Qext v size parameter x (m = 1.33)

Qext v size parameter x (m = 1.33-0.09i)

Qext v size parameter x (m = 1.27-1.37i)

Conclusion

While the plots for Qext v size parameter x for m=1.33 and m=1.33-0.09i show a positive exponential trend, the final plot shows quite the opposite behavior. For grains with indices of refraction that have complex components, extinction efficiency versus size parameter plots should indicate a damping in the plot. So I do have some confusion with my plots. The third plot clearly indicates a variation in behavior when compared to the first two, but the second plot (of an extinction efficiency involving a complex index of refraction) should behave similarly to plot 3, not plot 1. This is a good transitioning point into where this work could go in the future – examining whether or not the extinction efficiency versus size parameter plots were indeed done correctly. Mathematica is lenient neither in syntax nor its learning curve! In the future it would also be useful to try and continue my work on the asymmetry parameter, but that might take a greater commitment than just fixing what may be incorrect with the extinction efficiency plots.
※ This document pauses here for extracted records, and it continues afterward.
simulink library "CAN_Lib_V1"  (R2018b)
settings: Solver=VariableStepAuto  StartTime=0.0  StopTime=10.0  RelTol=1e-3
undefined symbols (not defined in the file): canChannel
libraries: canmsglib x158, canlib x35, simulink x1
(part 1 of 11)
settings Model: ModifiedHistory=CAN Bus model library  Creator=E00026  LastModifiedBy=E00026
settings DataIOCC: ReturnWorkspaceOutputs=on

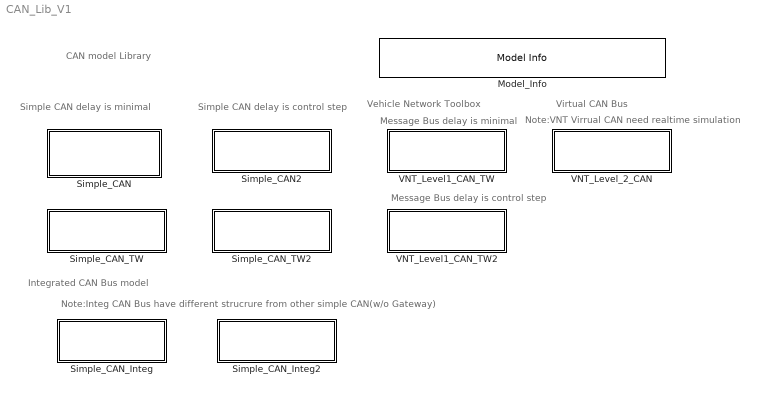
== system CAN_Lib_V1 ==
  note: Note:VNT Virrual CAN need realtime simulation
  note: Note:Integ CAN Bus have different strucrure from other simple CAN(w/o Gateway)
  note: Integrated CAN Bus model
  note: Virtual CAN Bus
  note: Message Bus delay is minimal
  note: Simple CAN delay is minimal
  note: CAN model Library
  note: Vehicle Network Toolbox
  note: Simple CAN delay is control step
  note: Message Bus delay is control step
  Model_Info : simulink/Model-Wide Utilities/Model Info  Frame=on  DisplayStringWithTags=|  HorizontalTextAlignment=Left  LeftAlignmentValue=0.02
      | Version  %<ModelVersion>
      | LastModifided by %<LastModifiedBy>  Date %<LastModificationDate>
      | Description  %<Description>
  Simple_CAN : Subsystem  VariantControl=VarObj_CanType_Simpl
  Simple_CAN2 : Subsystem  VariantControl=VarObj_CanType_Simpl
  Simple_CAN_Integ : Subsystem  VariantControl=VarObj_CanType_Simpl
  Simple_CAN_Integ2 : Subsystem  VariantControl=VarObj_CanType_Simpl
  Simple_CAN_TW : Subsystem  VariantControl=VarObj_CanType_Simpl_TW
  Simple_CAN_TW2 : Subsystem  VariantControl=VarObj_CanType_Simpl_TW
  VNT_Level1_CAN_TW : Subsystem  VariantControl=VarObj_CanType_VNT_Level_1
  VNT_Level1_CAN_TW2 : Subsystem  VariantControl=VarObj_CanType_Simpl_TW
  VNT_Level_2_CAN : Subsystem  VariantControl=VarObj_CanType_VNT_simu

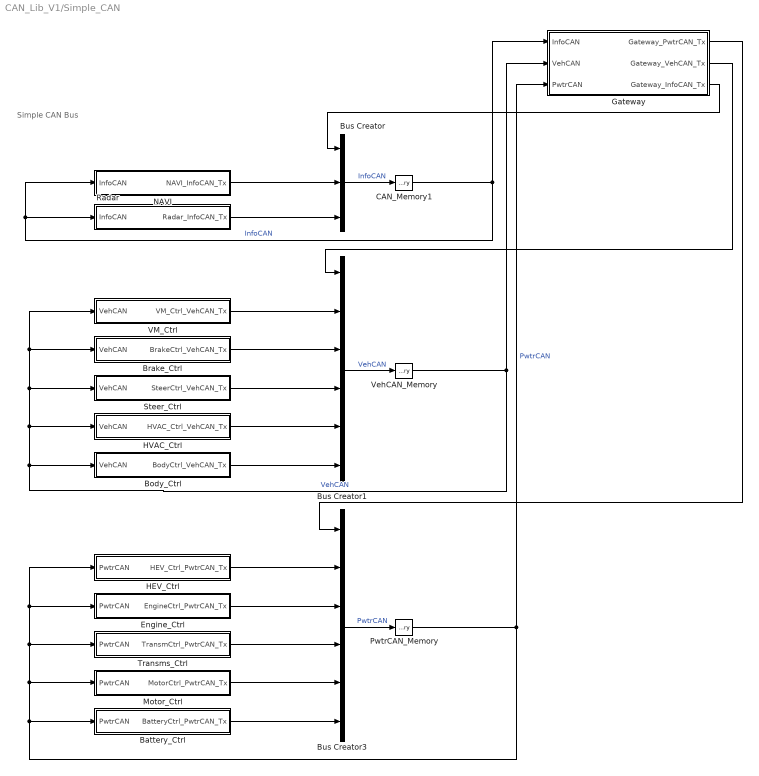
== system CAN_Lib_V1/Simple_CAN ==
  note: Simple CAN Bus
  Battery_Ctrl : Subsystem
  Body_Ctrl : Subsystem
  Brake_Ctrl : Subsystem
  Bus Creator : BusCreator  Inputs=3
  Bus Creator1 : BusCreator  Inputs=6
  Bus Creator3 : BusCreator  Inputs=6
  CAN_Memory1 : Memory
  Engine_Ctrl : Subsystem
  Gateway : Subsystem
  HEV_Ctrl : Subsystem
  HVAC_Ctrl : Subsystem
  Motor_Ctrl : Subsystem
  NAVI : Subsystem
  PwtrCAN_Memory : Memory
  Radar : Subsystem
  Steer_Ctrl : Subsystem
  Transms_Ctrl : Subsystem
  VM_Ctrl : Subsystem
  VehCAN_Memory : Memory
  wires:
  Bus Creator3/1 -> PwtrCAN_Memory/1  "PwtrCAN"
  HEV_Ctrl/1(HEV_Ctrl_PwtrCAN_Tx) -> Bus Creator3/2
  Bus Creator/1 -> CAN_Memory1/1  "InfoCAN"
  PwtrCAN_Memory/1 -> Motor_Ctrl/1(PwtrCAN), Transms_Ctrl/1(PwtrCAN), Engine_Ctrl/1(PwtrCAN), HEV_Ctrl/1(PwtrCAN), Battery_Ctrl/1(PwtrCAN), Gateway/3(PwtrCAN)  "PwtrCAN"
  Engine_Ctrl/1(EngineCtrl_PwtrCAN_Tx) -> Bus Creator3/3
  Transms_Ctrl/1(TransmCtrl_PwtrCAN_Tx) -> Bus Creator3/4
  Bus Creator1/1 -> VehCAN_Memory/1  "VehCAN"
  Battery_Ctrl/1(BatteryCtrl_PwtrCAN_Tx) -> Bus Creator3/6
  Body_Ctrl/1(BodyCtrl_VehCAN_Tx) -> Bus Creator1/6
  VehCAN_Memory/1 -> Gateway/2(VehCAN), HVAC_Ctrl/1(VehCAN), Brake_Ctrl/1(VehCAN), VM_Ctrl/1(VehCAN), Steer_Ctrl/1(VehCAN), Body_Ctrl/1(VehCAN)  "VehCAN"
  VM_Ctrl/1(VM_Ctrl_VehCAN_Tx) -> Bus Creator1/2
  Radar/1(Radar_InfoCAN_Tx) -> Bus Creator/3
  NAVI/1(NAVI_InfoCAN_Tx) -> Bus Creator/2
  Steer_Ctrl/1(SteerCtrl_VehCAN_Tx) -> Bus Creator1/4
  HVAC_Ctrl/1(HVAC_Ctrl_VehCAN_Tx) -> Bus Creator1/5
  Motor_Ctrl/1(MotorCtrl_PwtrCAN_Tx) -> Bus Creator3/5
  Brake_Ctrl/1(BrakeCtrl_VehCAN_Tx) -> Bus Creator1/3
  CAN_Memory1/1 -> Gateway/1(InfoCAN), NAVI/1(InfoCAN), Radar/1(InfoCAN)  "InfoCAN"
  Gateway/3(Gateway_InfoCAN_Tx) -> Bus Creator/1
  Gateway/2(Gateway_VehCAN_Tx) -> Bus Creator1/1
  Gateway/1(Gateway_PwtrCAN_Tx) -> Bus Creator3/1

== system CAN_Lib_V1/Simple_CAN2 ==
  note: Simple CAN Bus
  Battery_Ctrl : Subsystem
  Body_Ctrl : Subsystem
  Brake_Ctrl : Subsystem
  Bus Creator : BusCreator  Inputs=3
  Bus Creator1 : BusCreator  Inputs=6
  Bus Creator3 : BusCreator  Inputs=6
  Engine_Ctrl : Subsystem
  Gateway : Subsystem
  HEV_Ctrl : Subsystem
  HVAC_Ctrl : Subsystem
  Motor_Ctrl : Subsystem
  NAVI : Subsystem
  Radar : Subsystem
  Steer_Ctrl : Subsystem
  Transms_Ctrl : Subsystem
  VM_Ctrl : Subsystem
  wires:
  Gateway/1(Gateway_PwtrCAN_Tx) -> Bus Creator3/1
  Gateway/2(Gateway_VehCAN_Tx) -> Bus Creator1/1
  Gateway/3(Gateway_InfoCAN_Tx) -> Bus Creator/1
  Brake_Ctrl/1(BrakeCtrl_VehCAN_Tx) -> Bus Creator1/3
  Motor_Ctrl/1(MotorCtrl_PwtrCAN_Tx) -> Bus Creator3/5
  HVAC_Ctrl/1(HVAC_Ctrl_VehCAN_Tx) -> Bus Creator1/5
  Steer_Ctrl/1(SteerCtrl_VehCAN_Tx) -> Bus Creator1/4
  NAVI/1(NAVI_InfoCAN_Tx) -> Bus Creator/2
  Radar/1(Radar_InfoCAN_Tx) -> Bus Creator/3
  VM_Ctrl/1(VM_Ctrl_VehCAN_Tx) -> Bus Creator1/2
  Body_Ctrl/1(BodyCtrl_VehCAN_Tx) -> Bus Creator1/6
  Battery_Ctrl/1(BatteryCtrl_PwtrCAN_Tx) -> Bus Creator3/6
  Bus Creator1/1 -> Body_Ctrl/1(VehCAN), Steer_Ctrl/1(VehCAN), VM_Ctrl/1(VehCAN), Brake_Ctrl/1(VehCAN), HVAC_Ctrl/1(VehCAN), Gateway/2(VehCAN)  "VehCAN"
  Transms_Ctrl/1(TransmCtrl_PwtrCAN_Tx) -> Bus Creator3/4
  Engine_Ctrl/1(EngineCtrl_PwtrCAN_Tx) -> Bus Creator3/3
  Bus Creator/1 -> Radar/1(InfoCAN), NAVI/1(InfoCAN), Gateway/1(InfoCAN)  "InfoCAN"
  HEV_Ctrl/1(HEV_Ctrl_PwtrCAN_Tx) -> Bus Creator3/2
  Bus Creator3/1 -> Gateway/3(PwtrCAN), Battery_Ctrl/1(PwtrCAN), HEV_Ctrl/1(PwtrCAN), Engine_Ctrl/1(PwtrCAN), Transms_Ctrl/1(PwtrCAN), Motor_Ctrl/1(PwtrCAN)  "PwtrCAN"

== system CAN_Lib_V1/Simple_CAN_Integ ==
  note: Simple CAN Integrated Bus
  Battery_Ctrl : Subsystem
  Body_Ctrl : Subsystem
  Brake_Ctrl : Subsystem
  Bus Creator : BusCreator  Inputs=2
  Bus Creator1 : BusCreator  Inputs=5
  Bus Creator2 : BusCreator  Inputs=3
  Bus Creator3 : BusCreator  Inputs=5
  Engine_Ctrl : Subsystem
  HEV_Ctrl : Subsystem
  HVAC_Ctrl : Subsystem
  IntegCAN_Memory : Memory
  Motor_Ctrl : Subsystem
  NAVI : Subsystem
  Radar : Subsystem
  Steer_Ctrl : Subsystem
  Transms_Ctrl : Subsystem
  VM_Ctrl : Subsystem
  tag scope: CAN=scoped
  wires:
  Bus Creator2/1 -> IntegCAN_Memory/1
  IntegCAN_Memory/1 -> Battery_Ctrl/1(CAN), Motor_Ctrl/1(CAN), Transms_Ctrl/1(CAN), Engine_Ctrl/1(CAN), HEV_Ctrl/1(CAN), Body_Ctrl/1(CAN), HVAC_Ctrl/1(CAN), Steer_Ctrl/1(CAN), VM_Ctrl/1(CAN), Radar/1(CAN), NAVI/1(CAN), Brake_Ctrl/1(CAN), [CAN]  "CAN"
  Brake_Ctrl/1(BrakeCtrl_VehCAN_Tx) -> Bus Creator1/2
  Motor_Ctrl/1(MotorCtrl_PwtrCAN_Tx) -> Bus Creator3/4
  HVAC_Ctrl/1(HVAC_Ctrl_VehCAN_Tx) -> Bus Creator1/4
  Steer_Ctrl/1(SteerCtrl_VehCAN_Tx) -> Bus Creator1/3
  NAVI/1(NAVI_InfoCAN_Tx) -> Bus Creator/1
  Radar/1(Radar_InfoCAN_Tx) -> Bus Creator/2
  VM_Ctrl/1(VM_Ctrl_VehCAN_Tx) -> Bus Creator1/1
  Body_Ctrl/1(BodyCtrl_VehCAN_Tx) -> Bus Creator1/5
  Battery_Ctrl/1(BatteryCtrl_PwtrCAN_Tx) -> Bus Creator3/5
  Bus Creator1/1 -> Bus Creator2/2  "VehCAN"
  Transms_Ctrl/1(TransmCtrl_PwtrCAN_Tx) -> Bus Creator3/3
  Engine_Ctrl/1(EngineCtrl_PwtrCAN_Tx) -> Bus Creator3/2
  Bus Creator/1 -> Bus Creator2/1  "InfoCAN"
  HEV_Ctrl/1(HEV_Ctrl_PwtrCAN_Tx) -> Bus Creator3/1
  Bus Creator3/1 -> Bus Creator2/3  "PwtrCAN"

== system CAN_Lib_V1/Simple_CAN_Integ2 ==
  note: Simple CAN Integrated Bus
  Battery_Ctrl : Subsystem
  Body_Ctrl : Subsystem
  Brake_Ctrl : Subsystem
  Bus Creator : BusCreator  Inputs=2
  Bus Creator1 : BusCreator  Inputs=5
  Bus Creator2 : BusCreator  Inputs=3
  Bus Creator3 : BusCreator  Inputs=5
  Engine_Ctrl : Subsystem
  HEV_Ctrl : Subsystem
  HVAC_Ctrl : Subsystem
  Motor_Ctrl : Subsystem
  NAVI : Subsystem
  Radar : Subsystem
  Steer_Ctrl : Subsystem
  Transms_Ctrl : Subsystem
  VM_Ctrl : Subsystem
  tag scope: CAN=scoped
  wires:
  Bus Creator2/1 -> Battery_Ctrl/1(CAN), Motor_Ctrl/1(CAN), Transms_Ctrl/1(CAN), Engine_Ctrl/1(CAN), HEV_Ctrl/1(CAN), Body_Ctrl/1(CAN), HVAC_Ctrl/1(CAN), Steer_Ctrl/1(CAN), VM_Ctrl/1(CAN), Radar/1(CAN), NAVI/1(CAN), Brake_Ctrl/1(CAN), [CAN]  "CAN"
  Brake_Ctrl/1(BrakeCtrl_VehCAN_Tx) -> Bus Creator1/2
  Motor_Ctrl/1(MotorCtrl_PwtrCAN_Tx) -> Bus Creator3/4
  HVAC_Ctrl/1(HVAC_Ctrl_VehCAN_Tx) -> Bus Creator1/4
  Steer_Ctrl/1(SteerCtrl_VehCAN_Tx) -> Bus Creator1/3
  NAVI/1(NAVI_InfoCAN_Tx) -> Bus Creator/1
  Radar/1(Radar_InfoCAN_Tx) -> Bus Creator/2
  VM_Ctrl/1(VM_Ctrl_VehCAN_Tx) -> Bus Creator1/1
  Body_Ctrl/1(BodyCtrl_VehCAN_Tx) -> Bus Creator1/5
  Battery_Ctrl/1(BatteryCtrl_PwtrCAN_Tx) -> Bus Creator3/5
  Bus Creator1/1 -> Bus Creator2/2  "VehCAN"
  Transms_Ctrl/1(TransmCtrl_PwtrCAN_Tx) -> Bus Creator3/3
  Engine_Ctrl/1(EngineCtrl_PwtrCAN_Tx) -> Bus Creator3/2
  Bus Creator/1 -> Bus Creator2/1  "InfoCAN"
  HEV_Ctrl/1(HEV_Ctrl_PwtrCAN_Tx) -> Bus Creator3/1
  Bus Creator3/1 -> Bus Creator2/3  "PwtrCAN"

== system CAN_Lib_V1/Simple_CAN_TW ==
  note: Simple CAN Bus
  Battery_Ctrl : Subsystem
  Body_Ctrl : Subsystem
  Brake_Ctrl : Subsystem
  Engine_Ctrl : Subsystem
  Gateway : Subsystem
  HEV_Ctrl : Subsystem
  HVAC_Ctrl : Subsystem
  InfoCAN : Subsystem
  Motor_Ctrl : Subsystem
  NAVI : Subsystem
  PwtrCAN : Subsystem
  Radar : Subsystem
  Steer_Ctrl : Subsystem
  Transms_Ctrl : Subsystem
  VM_Ctrl : Subsystem
  VehCAN : Subsystem
  connections:
  InfoCAN/LConn1 -- NAVI/RConn1
  InfoCAN/LConn2 -- Radar/RConn1
  Gateway/LConn1 -- InfoCAN/RConn1
  VehCAN/RConn1 -- Gateway/LConn2
  Gateway/RConn1 -- PwtrCAN/LConn1
  VM_Ctrl/RConn1 -- VehCAN/LConn1
  Brake_Ctrl/RConn1 -- VehCAN/LConn2
  Steer_Ctrl/RConn1 -- VehCAN/LConn3
  HVAC_Ctrl/RConn1 -- VehCAN/LConn4
  Body_Ctrl/RConn1 -- VehCAN/LConn5
  PwtrCAN/RConn1 -- HEV_Ctrl/LConn1
  PwtrCAN/RConn2 -- Engine_Ctrl/LConn1
  PwtrCAN/RConn3 -- Transms_Ctrl/LConn1
  PwtrCAN/RConn4 -- Motor_Ctrl/LConn1
  PwtrCAN/RConn5 -- Battery_Ctrl/LConn1

== system CAN_Lib_V1/Simple_CAN_TW2 ==
  note: Simple CAN Bus
  Battery_Ctrl : Subsystem
  Body_Ctrl : Subsystem
  Brake_Ctrl : Subsystem
  Engine_Ctrl : Subsystem
  Gateway : Subsystem
  HEV_Ctrl : Subsystem
  HVAC_Ctrl : Subsystem
  InfoCAN : Subsystem
  Motor_Ctrl : Subsystem
  NAVI : Subsystem
  PwtrCAN : Subsystem
  Radar : Subsystem
  Steer_Ctrl : Subsystem
  Transms_Ctrl : Subsystem
  VM_Ctrl : Subsystem
  VehCAN : Subsystem
  connections:
  PwtrCAN/RConn5 -- Battery_Ctrl/LConn1
  PwtrCAN/RConn4 -- Motor_Ctrl/LConn1
  PwtrCAN/RConn3 -- Transms_Ctrl/LConn1
  PwtrCAN/RConn2 -- Engine_Ctrl/LConn1
  PwtrCAN/RConn1 -- HEV_Ctrl/LConn1
  Body_Ctrl/RConn1 -- VehCAN/LConn5
  HVAC_Ctrl/RConn1 -- VehCAN/LConn4
  Steer_Ctrl/RConn1 -- VehCAN/LConn3
  Brake_Ctrl/RConn1 -- VehCAN/LConn2
  VM_Ctrl/RConn1 -- VehCAN/LConn1
  Gateway/RConn1 -- PwtrCAN/LConn1
  VehCAN/RConn1 -- Gateway/LConn2
  Gateway/LConn1 -- InfoCAN/RConn1
  InfoCAN/LConn2 -- Radar/RConn1
  InfoCAN/LConn1 -- NAVI/RConn1

== system CAN_Lib_V1/VNT_Level1_CAN_TW ==
  note: VNT Level1 CAN Bus
  Battery_Ctrl : Subsystem
  Body_Ctrl : Subsystem
  Brake_Ctrl : Subsystem
  Engine_Ctrl : Subsystem
  Gateway : Subsystem
  HEV_Ctrl : Subsystem
  HVAC_Ctrl : Subsystem
  InfoCAN : Subsystem
  Motor_Ctrl : Subsystem
  NAVI : Subsystem
  PwtrCAN : Subsystem
  Radar : Subsystem
  Steer_Ctrl : Subsystem
  Transms_Ctrl : Subsystem
  VM_Ctrl : Subsystem
  VehCAN : Subsystem
  connections:
  InfoCAN/LConn1 -- NAVI/RConn1
  InfoCAN/LConn2 -- Radar/RConn1
  Gateway/LConn1 -- InfoCAN/RConn1
  VehCAN/RConn1 -- Gateway/LConn2
  Gateway/RConn1 -- PwtrCAN/LConn1
  VM_Ctrl/RConn1 -- VehCAN/LConn1
  Brake_Ctrl/RConn1 -- VehCAN/LConn2
  Steer_Ctrl/RConn1 -- VehCAN/LConn3
  HVAC_Ctrl/RConn1 -- VehCAN/LConn4
  Body_Ctrl/RConn1 -- VehCAN/LConn5
  PwtrCAN/RConn1 -- HEV_Ctrl/LConn1
  PwtrCAN/RConn2 -- Engine_Ctrl/LConn1
  PwtrCAN/RConn3 -- Transms_Ctrl/LConn1
  PwtrCAN/RConn4 -- Motor_Ctrl/LConn1
  PwtrCAN/RConn5 -- Battery_Ctrl/LConn1

== system CAN_Lib_V1/VNT_Level1_CAN_TW2 ==
  note: VNT Level1 CAN Bus
  Battery_Ctrl : Subsystem
  Body_Ctrl : Subsystem
  Brake_Ctrl : Subsystem
  Engine_Ctrl : Subsystem
  Gateway : Subsystem
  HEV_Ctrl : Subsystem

I have learned a great deal over the past few weeks about research and computational modeling. I have truly grown in respect to my appreciation for modeling and all the hiccups and hurdles that come with learning how to effectively and efficiently use Mathematica. While my explorations into the asymmetry parameter, g, were unsuccessful at producing a plot, I am very proud at being able to produce plots of extinction efficiency $Q_{ext}$ versus size parameter, x. The results, while not ideal, still reflect trends in the physical behavior of the system – in this case the light scattered by spherical particles in the interstellar medium (ISM).

Resources

1. Introduction to Electrodynamics, 4th ed. by David J. Griffiths
2. Physics of the Galaxy and Interstellar Matter by H. Scheffler and H. Elsässer
3. Interstellar Grains by N.C. Wickramasinghe
4. Physical Processes in the Interstellar Medium by Lyman Spitzer, Jr.
5. The scattering of light, and other electromagnetic radiation by Milton Kerker
6. Mathematica 9 Help Documentation Center (the most valuable resource!)

Mathematica notebooks:

## 2 thoughts on “Final Data and Conclusion: Scattering in the Interstellar Medium (ISM)”

1. lifrye

This project is very interesting and appropriately specific for the course. You provided a good summary of the necessary background knowledge, which I appreciated as someone coming in with very little astronomy knowledge, and your ability to “roll with the punches” was demonstrated and ended up being very beneficial. Overall, great final project. The most helpful suggestions I can make are organizational.

The Project Description section of the “Project Plan,” although excellent and very informative, might be better if it started a bit more generally for maximum comprehension for people with minimal astronomy background (me). For example, starting out with “Mie scattering is named after the German physicist Gustav Mie, who studied… ” Additionally, I am not sure what the different functions physically represent.

In the “Preliminary Data” section, I really liked that the Reflection came before the actual data. It was very helpful when looking at the data, because I knew what the different results meant. I liked the comparisons to the Rayleigh and Debye methods, except that would have been more beneficial if a short description of each of those were included.

In the “Conclusion,” the step-by-step walkthrough of the Mathematica procedure is quite clear and easy to follow, and I like the comments regarding the change of plans (modeling the extinction coefficient instead of the asymmetry parameter). It would be helpful to briefly restate what the coefficients represent and how they relate to Mie scattering, and the physical meanings of each.

This project was really great to read, and interesting and relevant. I learned quite a bit about light scattering! My suggestions are purely organizational and for clarification purposes. Great job.

2. Jenny Magnes

I am glad you got the Mie scattering to work here. You do need to label your axis and include units. Also your first Mathematica file does not yield any results. Please check.